Hydropower vulnerability to drought-flood abrupt alternation under climate change

Drought-flood abrupt alternation (DFAA) events, characterized by swift transitions between hydrological extremes, pose critical challenges to reservoir management and hydropower generation. This study employs global hydrological simulations and a relative impact index to investigate the spatiotemporal characteristics of DFAA events, including flood-to-drought (FDT) and drought-to-flood (DFT) transitions, along with their effects on global hydropower generation. The results indicate that DFAA events are widespread, with FDT and DFT occurring on average 3.51 and 4.85 times per decade, respectively, and becoming increasingly frequent under climate change, particularly in East Asia and Europe. These events typically cause more severe hydropower shortages than single droughts or floods. FDT and DFT events reduce hydropower generation by 11.53 % and 9.16 %, respectively.
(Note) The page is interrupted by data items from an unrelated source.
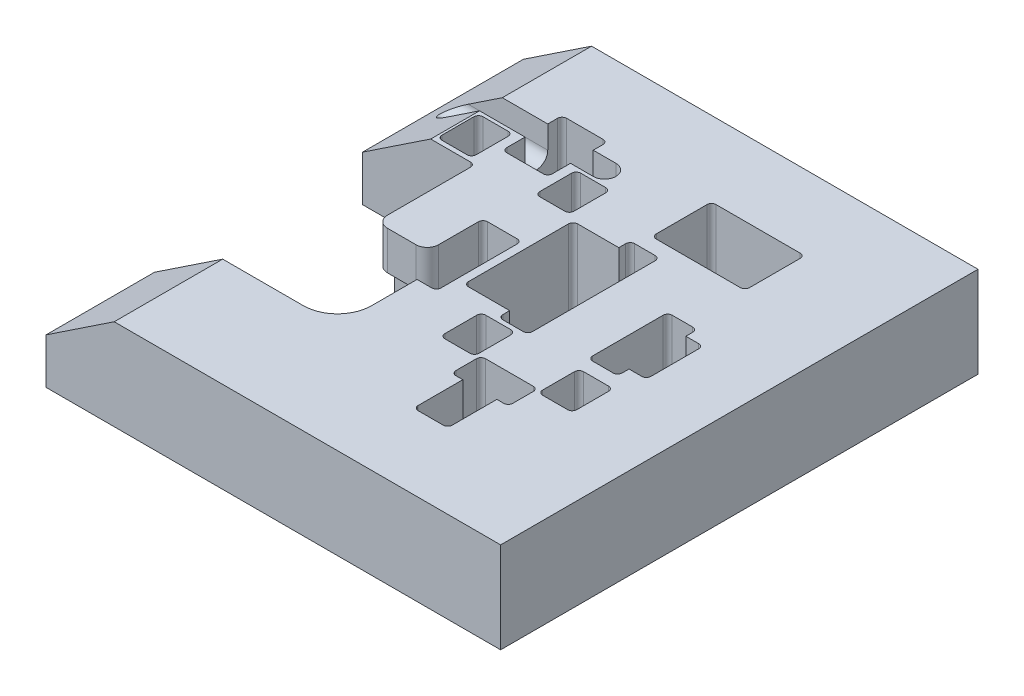
SolidWorks part; units mm, degrees
material "K110"
ref_plane "Front Plane" through (0, 0, 0) normal (0, 0, 1) x (1, 0, 0)
ref_plane "Top Plane" through (0, 0, 0) normal (0, 1, 0) x (1, 0, 0)
ref_plane "Right Plane" through (0, 0, 0) normal (1, 0, 0) x (0, 0, -1)
sketch "Sketch1" plane through (0, 0, 0) normal (0, 1, 0) x (1, 0, 0)
  line L1 (-100, -105) -> (100, -105)
  line L2 (-100, -105) -> (-100, 105)
  line L3 (-100, 105) -> (100, 105)
  line L4 (100, -105) -> (100, 105)
  line L5 (-100, -105) -> (100, 105) construction
  line L6 (-100, 105) -> (100, -105) construction
  point P0 (0, 0)
  dimension "D1" = 210
  dimension "D2" = 200
extrude "Boss-Extrude1" add sketch "Sketch1" along normal blind 40
sketch "Sketch2" plane through (0, 40, 0) normal (0, 1, 0) x (1, 0, 0)
  line L0 (17.25, 55.73) -> (55.25, 55.73) construction
  line L1 (15.75, 32.73) -> (15.75, -12.27) construction
  line L2 (58.25, 13.73) -> (58.25, -8.27) construction
  line L3 (30.25, -47.4) -> (42.25, -47.4) construction
  line L4 (17.25, 55.73) -> (55.25, 55.73)
  line L5 (15.75, 32.73) -> (15.75, -12.27)
  line L6 (58.25, 13.73) -> (58.25, -8.27)
  line L7 (30.25, -47.4) -> (42.25, -47.4)
sketch "Sketch3" plane through (0, 40, 0) normal (0, 1, 0) x (1, 0, 0)
  line L0 (30.25, -47.4) -> (42.25, -47.4) construction
  line L1 (28.75, -72.03) -> (43.75, -72.03)
  line L2 (28.75, -72.03) -> (28.75, -50.4)
  line L3 (23.75, -37.4) -> (48.75, -37.4)
  line L4 (43.75, -72.03) -> (43.75, -50.4)
  line L8 (36.25, -37.4) -> (36.25, -72.03) construction
  line L9 (36.25, 69.53) -> (36.25, -69.53) construction
  line L11 (43.75, -50.4) -> (48.75, -50.4)
  line L12 (48.75, -50.4) -> (48.75, -37.4)
  line L13 (28.75, -50.4) -> (23.75, -50.4)
  line L14 (23.75, -50.4) -> (23.75, -37.4)
  line L15 (66.38, -69.53) -> (-4.87, -69.53) construction
  dimension "D1" = 10
  dimension "D2" = 15
  dimension "D3" = 3
  dimension "D4" = 25
  dimension "D5" = 2.5
extrude "Cut-Extrude2" cut sketch "Sketch3" against normal up to next contours L3 L12 L11 L4 L1 L2 L13 L14
fillet "Fillet3" radius 2 6 edges at (43.75, 20, 72.03) (28.75, 20, 72.03) (48.75, 20, 50.4) (23.75, 20, 50.4) (48.75, 20, 37.4) (23.75, 20, 37.4)
sketch "Sketch4" plane through (0, 40, 0) normal (0, 1, 0) x (1, 0, 0)
  line L0 (48.25, -14.77) -> (61.25, -14.77)
  line L5 (61.25, -14.77) -> (61.25, -9.77)
  line L6 (64.38, 13.73) -> (58.25, 13.73) construction
  line L7 (66.38, 69.53) -> (66.38, -69.53) construction
  line L8 (66.38, 2.73) -> (51.7072, 2.73) construction
  line L9 (66.38, -6.27) -> (66.38, 11.73) construction
  line L10 (61.25, -9.77) -> (68.88, -9.77)
  line L11 (68.88, -9.77) -> (68.88, 15.23)
  line L13 (68.88, 15.23) -> (61.25, 15.23)
  line L14 (61.25, 15.23) -> (61.25, 20.23)
  line L15 (61.25, 20.23) -> (48.25, 20.23)
  line L16 (48.25, 20.23) -> (48.25, -14.77)
  line L17 (58.25, 13.73) -> (58.25, -8.27) construction
  dimension "D1" = 1.5
  dimension "D2" = 5
  dimension "D3" = 2.5
  dimension "D4" = 10
  dimension "D5" = 3
extrude "Cut-Extrude3" cut sketch "Sketch4" against normal up to next
fillet "Fillet4" radius 2 6 edges at (68.88, 20, 9.77) (68.88, 20, -15.23) (61.25, 20, -20.23) (48.25, 20, -20.23) (48.25, 20, 14.77) (61.25, 20, 14.77)
sketch "Sketch5" plane through (0, 40, 0) normal (0, 1, 0) x (1, 0, 0)
  line L0 (-7.37, -13.77) -> (12.75, -13.77)
  line L2 (12.75, -18.77) -> (25.75, -18.77)
  line L3 (25.75, -18.77) -> (25.75, 39.23)
  line L4 (25.75, 39.23) -> (12.75, 39.23)
  line L5 (12.75, 39.23) -> (12.75, 34.23)
  line L6 (12.75, 34.23) -> (-7.37, 34.23)
  line L7 (-7.37, 34.23) -> (-7.37, -13.77)
  line L8 (15.75, 32.73) -> (15.75, -12.27) construction
  line L9 (-4.87, 69.53) -> (-4.87, -69.53) construction
  line L10 (-4.87, 10.23) -> (25.75, 10.23) construction
  line L11 (-4.87, 26.73) -> (-4.87, -6.27) construction
  line L12 (12.75, -18.77) -> (12.75, -13.77)
  line L13 (1.13, -12.27) -> (15.75, -12.27) construction
  line L17 (-18, -8.27) -> (-18, 13.73) construction
  line L18 (-18, 2.73) -> (-15, 2.73) construction
  dimension "D1" = 3
  dimension "D2" = 10
  dimension "D3" = 2.5
  dimension "D4" = 1.5
  dimension "D5" = 5
extrude "Cut-Extrude4" cut sketch "Sketch5" against normal up to next
fillet "Fillet5" radius 2 6 edges at (25.75, 20, -39.23) (12.75, 20, 18.77) (25.75, 20, 18.77) (-7.37, 20, 13.77) (12.75, 20, -39.23) (-7.37, 20, -34.23)
sketch "Sketch6" plane through (0, 40, 0) normal (0, 1, 0) x (1, 0, 0)
  line L0 (15.75, 72.03) -> (15.75, 45.73)
  line L3 (15.75, 45.73) -> (56.75, 45.73)
  line L6 (56.75, 45.73) -> (56.75, 72.03)
  line L7 (56.75, 72.03) -> (15.75, 72.03)
  line L8 (36.25, 69.53) -> (36.25, 45.73) construction
  line L9 (36.25, 69.53) -> (36.25, -69.53) construction
  line L10 (66.38, 69.53) -> (-4.87, 69.53) construction
  line L12 (17.25, 55.73) -> (55.25, 55.73) construction
  dimension "D1" = 2.5
  dimension "D2" = 41
  dimension "D5" = 10
extrude "Cut-Extrude5" cut sketch "Sketch6" against normal up to next
fillet "Fillet6" radius 2 4 edges at (15.75, 20, -72.03) (56.75, 20, -72.03) (15.75, 20, -45.73) (56.75, 20, -45.73)
sketch "Sketch7" plane through (0, 40, 0) normal (0, 1, 0) x (1, 0, 0)
  line L0 (57.75, -29.77) -> (57.75, -32.27) construction
  line L3 (60.25, -29.77) -> (55.25, -29.77) construction
  line L4 (60.25, -27.27) -> (60.25, -32.27) construction
  line L5 (55.25, -11.27) -> (55.25, -38.4) construction
  line L7 (63.25, -20.77) -> (52.25, -20.77)
  line L8 (65.25, -22.77) -> (65.25, -36.77)
  line L9 (63.25, -38.77) -> (52.25, -38.77)
  line L10 (50.25, -22.77) -> (50.25, -36.77)
  arc A2 (52.25, -38.77) -> (50.25, -36.77) centre (52.25, -36.77) cw
  arc A3 (65.25, -36.77) -> (63.25, -38.77) centre (63.25, -36.77) cw
  arc A4 (63.25, -20.77) -> (65.25, -22.77) centre (63.25, -22.77) cw
  arc A5 (52.25, -20.77) -> (50.25, -22.77) centre (52.25, -22.77) ccw
  point P14 (50.25, -38.77)
  point P17 (65.25, -38.77)
  point P20 (65.25, -20.77)
  dimension "D4" = 2
  dimension "D1" = 2.5
  dimension "D2" = 18
  dimension "D3" = 15
  dimension "D5" = 9
extrude "Cut-Extrude6" cut sketch "Sketch7" against normal up to next
sketch "Sketch8" plane through (0, 40, 0) normal (0, 1, 0) x (1, 0, 0)
  line L0 (12.25, -29.77) -> (17.25, -29.77) construction
  line L3 (12.25, -32.27) -> (12.25, -27.27) construction
  line L4 (63.25, -20.77) -> (52.25, -20.77) construction
  line L7 (17.25, -38.4) -> (17.25, -13.77) construction
  line L8 (14.75, -29.77) -> (14.75, -32.27) construction
  line L9 (52.25, -38.77) -> (63.25, -38.77) construction
  line L10 (9.25, -20.77) -> (20.25, -20.77)
  line L11 (7.25, -22.77) -> (7.25, -36.77)
  line L12 (9.25, -38.77) -> (20.25, -38.77)
  line L13 (22.25, -22.77) -> (22.25, -36.77)
  arc A2 (7.25, -36.77) -> (9.25, -38.77) centre (9.25, -36.77) ccw
  arc A3 (20.25, -38.77) -> (22.25, -36.77) centre (20.25, -36.77) ccw
  arc A4 (20.25, -20.77) -> (22.25, -22.77) centre (20.25, -22.77) cw
  arc A5 (9.25, -20.77) -> (7.25, -22.77) centre (9.25, -22.77) ccw
  dimension "D1" = 2.5
  dimension "D2" = 2
extrude "Cut-Extrude7" cut sketch "Sketch8" against normal up to next
sketch "Sketch21" plane through (0, 40, 0) normal (0, 1, 0) x (1, 0, 0)
  line L0 (-21, 55.73) -> (-21, 16.73) construction
  line L3 (-24, 54.23) -> (-13, 54.23)
  line L4 (-26, 52.23) -> (-26, 38.23)
  line L5 (-24, 36.23) -> (-13, 36.23)
  line L6 (-11, 52.23) -> (-11, 38.23)
  line L7 (-21, 55.73) -> (-59, 55.73) construction
  line L9 (-16, 45.23) -> (-21, 45.23) construction
  line L10 (-18.5, 45.23) -> (-18.5, 54.23) construction
  line L11 (-40, 55.73) -> (-40, 36.23) construction
  line L12 (-16, 42.73) -> (-16, 47.73) construction
  line L16 (-69, 52.23) -> (-69, 38.23)
  line L17 (-56, 36.23) -> (-67, 36.23)
  line L18 (-54, 52.23) -> (-54, 38.23)
  line L19 (-56, 54.23) -> (-67, 54.23)
  arc A2 (-26, 38.23) -> (-24, 36.23) centre (-24, 38.23) ccw
  arc A3 (-13, 36.23) -> (-11, 38.23) centre (-13, 38.23) ccw
  arc A4 (-13, 54.23) -> (-11, 52.23) centre (-13, 52.23) cw
  arc A5 (-24, 54.23) -> (-26, 52.23) centre (-24, 52.23) ccw
  arc A6 (-56, 54.23) -> (-54, 52.23) centre (-56, 52.23) cw
  arc A7 (-67, 54.23) -> (-69, 52.23) centre (-67, 52.23) ccw
  arc A8 (-67, 36.23) -> (-69, 38.23) centre (-67, 38.23) cw
  arc A9 (-54, 38.23) -> (-56, 36.23) centre (-56, 38.23) cw
  point P12 (0, 0)
  point P17 (0, 0)
  point P23 (0, 0)
  point P24 (0, 0)
  point P25 (0, 0)
  point P28 (0, 0)
  dimension "D4" = 15
  dimension "D2" = 2
  dimension "D1" = 2.5
  dimension "D3" = 18
extrude "Cut-Extrude12" cut sketch "Sketch21" against normal up to next
sketch "Sketch22" plane through (0, 40, 0) normal (0, 1, 0) x (1, 0, 0)
  line L0 (-100, 105) -> (-100, -105) construction
  line L1 (-100, 55.73) -> (-15, 55.73)
  line L2 (-100, 55.73) -> (-100, 65.726)
  line L3 (-100, 65.726) -> (-15, 65.726)
  line L4 (-15, 55.73) -> (-15, 65.726)
  line L5 (-21, 55.73) -> (-59, 55.73) construction
  line L6 (-59, 63.776) -> (-21, 63.776) construction
  line L7 (-21, 55.73) -> (-21, 61.5256) construction
  line L8 (-15, 60.728) -> (-100, 60.728) construction
  dimension "D1" = 1.95
  dimension "D2" = 6
ref_plane "Plane1" through (0, 0, -60.728) normal (0, 0, -1) x (-1, 0, 0)
sketch "Sketch24" plane through (0, 0, -60.728) normal (0, 0, -1) x (-1, 0, 0)
  line L0 (15, 40) -> (15, 35)
  line L1 (15, 40) -> (100, 40) construction
  line L2 (25, 25) -> (100, 25)
  line L3 (100, 40) -> (100, 0) construction
  line L4 (15, 40) -> (100, 40)
  line L5 (100, 40) -> (100, 25)
  arc A0 (15, 35) -> (25, 25) centre (25, 35) ccw
  dimension "D2" = 10
  dimension "D1" = 15
extrude "Cut-Extrude15" cut sketch "Sketch24" against normal mid plane 10
fillet "Fillet9" 2 edges at (-62.5, 25, -55.728) (-62.5, 25, -65.728) type full round first side face at (-50.5858, 32.5858, -55.728) second side face at (-50.5858, 32.5858, -65.728) middle face at (-62.5, 25, -60.728)
sketch "Sketch23" plane through (0, 40, 0) normal (0, 1, 0) x (1, 0, 0)
  line L0 (-40, 55.73) -> (-40, 45.73) construction
  line L1 (-48, 72.03) -> (-32, 72.03)
  line L2 (-50, 70.03) -> (-50, 47.73)
  line L3 (-48, 45.73) -> (-32, 45.73)
  line L4 (-30, 70.03) -> (-30, 47.73)
  line L5 (-21, 55.73) -> (-59, 55.73) construction
  line L6 (17.75, 45.73) -> (54.75, 45.73) construction
  line L7 (54.75, 72.03) -> (17.75, 72.03) construction
  arc A0 (-50, 47.73) -> (-48, 45.73) centre (-48, 47.73) ccw
  arc A1 (-48, 72.03) -> (-50, 70.03) centre (-48, 70.03) ccw
  arc A2 (-32, 72.03) -> (-30, 70.03) centre (-32, 70.03) cw
  arc A3 (-32, 45.73) -> (-30, 47.73) centre (-32, 47.73) ccw
  point P14 (-50, 45.73)
  point P21 (-30, 45.73)
  dimension "D2" = 2
  dimension "D1" = 20
extrude "Cut-Extrude14" cut sketch "Sketch23" against normal up to next
sketch "Sketch26" plane through (0, 40, 0) normal (0, 1, 0) x (1, 0, 0)
  line L0 (-100, 55.728) -> (-100, -105) construction
  line L1 (-100, 34.23) -> (-50.5, 34.23)
  line L2 (-100, 34.23) -> (-100, -57.27)
  line L3 (-100, -57.27) -> (-19.5, -57.27)
  line L4 (-19.5, -22.27) -> (-19.5, -57.27)
  line L5 (-60.5, 32.73) -> (-66.5, 32.73) construction
  line L6 (-50.5, 34.23) -> (-50.5, -9.27)
  line L7 (-50.5, -9.27) -> (-28, -9.27)
  line L8 (-59, -19.27) -> (-21, -19.27) construction
  line L9 (-21, -11.27) -> (-21, -19.27) construction
  line L10 (-28, -9.27) -> (-28, 15.23)
  line L11 (-60.5, -12.27) -> (-60.5, 32.73) construction
  line L12 (-19.5, -22.27) -> (-11, -22.27)
  line L13 (-11, -22.27) -> (-11, 15.23)
  line L14 (-28, 15.23) -> (-11, 15.23)
  line L15 (-18, -8.27) -> (-18, 13.73) construction
  line L16 (-12, 13.73) -> (-18, 13.73) construction
  dimension "D1" = 1.5
  dimension "D2" = 10
  dimension "D3" = 1.5
  dimension "D4" = 35
  dimension "D5" = 10
  dimension "D6" = 1.5
  dimension "D7" = 3
  dimension "D8" = 10
  dimension "D9" = 7
extrude "Cut-Extrude16" cut sketch "Sketch26" against normal up to next contours L1 L6 L7 L10 L14 L13 L12 L4 L3 L2
fillet "Fillet10" radius 2 4 edges at (-11, 20, 22.27) (-50.5, 20, -34.23) (-11, 20, -15.23) (-28, 20, -15.23)
sketch "Sketch27" plane through (-50.5, 0, 0) normal (-1, 0, 0) x (0, 0, 1)
  line L0 (-32.23, 0) -> (9.27, 0) construction
  line L1 (1.27, 0) -> (9.27, 0)
  line L2 (1.27, 0) -> (1.27, 23)
  line L3 (1.27, 23) -> (9.27, 23)
  line L4 (9.27, 0) -> (9.27, 23)
  line L5 (9.27, 23) -> (9.27, 0) construction
  dimension "D1" = 23
  dimension "D2" = 8
extrude "Cut-Extrude17" cut sketch "Sketch27" against normal blind 18.5 contours L4 L3 L2 L1
fillet "Fillet11" radius 3 3 edges at (-32, 23, 5.27) (-41.25, 23, 1.27) (-32, 11.5, 1.27)
fillet "Fillet12" radius 15 1 edges at (-19.5, 20, 57.27)
fillet "Fillet13" radius 5 2 edges at (-50.5, 31.5, 9.27) (-28, 20, 9.27)
chamfer "Chamfer1" distance 20 distance2 30 2 edges at (-100, 40, -44.979) (-100, 40, 81.135) first distance on face at (-100, 26.875, -65.1715) first distance on face at (-100, 20, 81.135)

Moreover, hydropower plants with high regulation capacity show stronger resilience in DFAA events, with their proportions of being less affected in FDT and DFT events being 6.7 % and 14.3 % higher than those with low regulation capacity, respectively. The influence of DFAA on hydropower generation arises from the evident disparity in reservoir management, where abrupt transitions between drought and flood conditions hinder the ideal scheduling of water storage and release, hence constraining hydropower generation. These findings highlight the need to explicitly incorporate compound event risks into reservoir operation strategies to better secure hydropower supply under future climate uncertainty.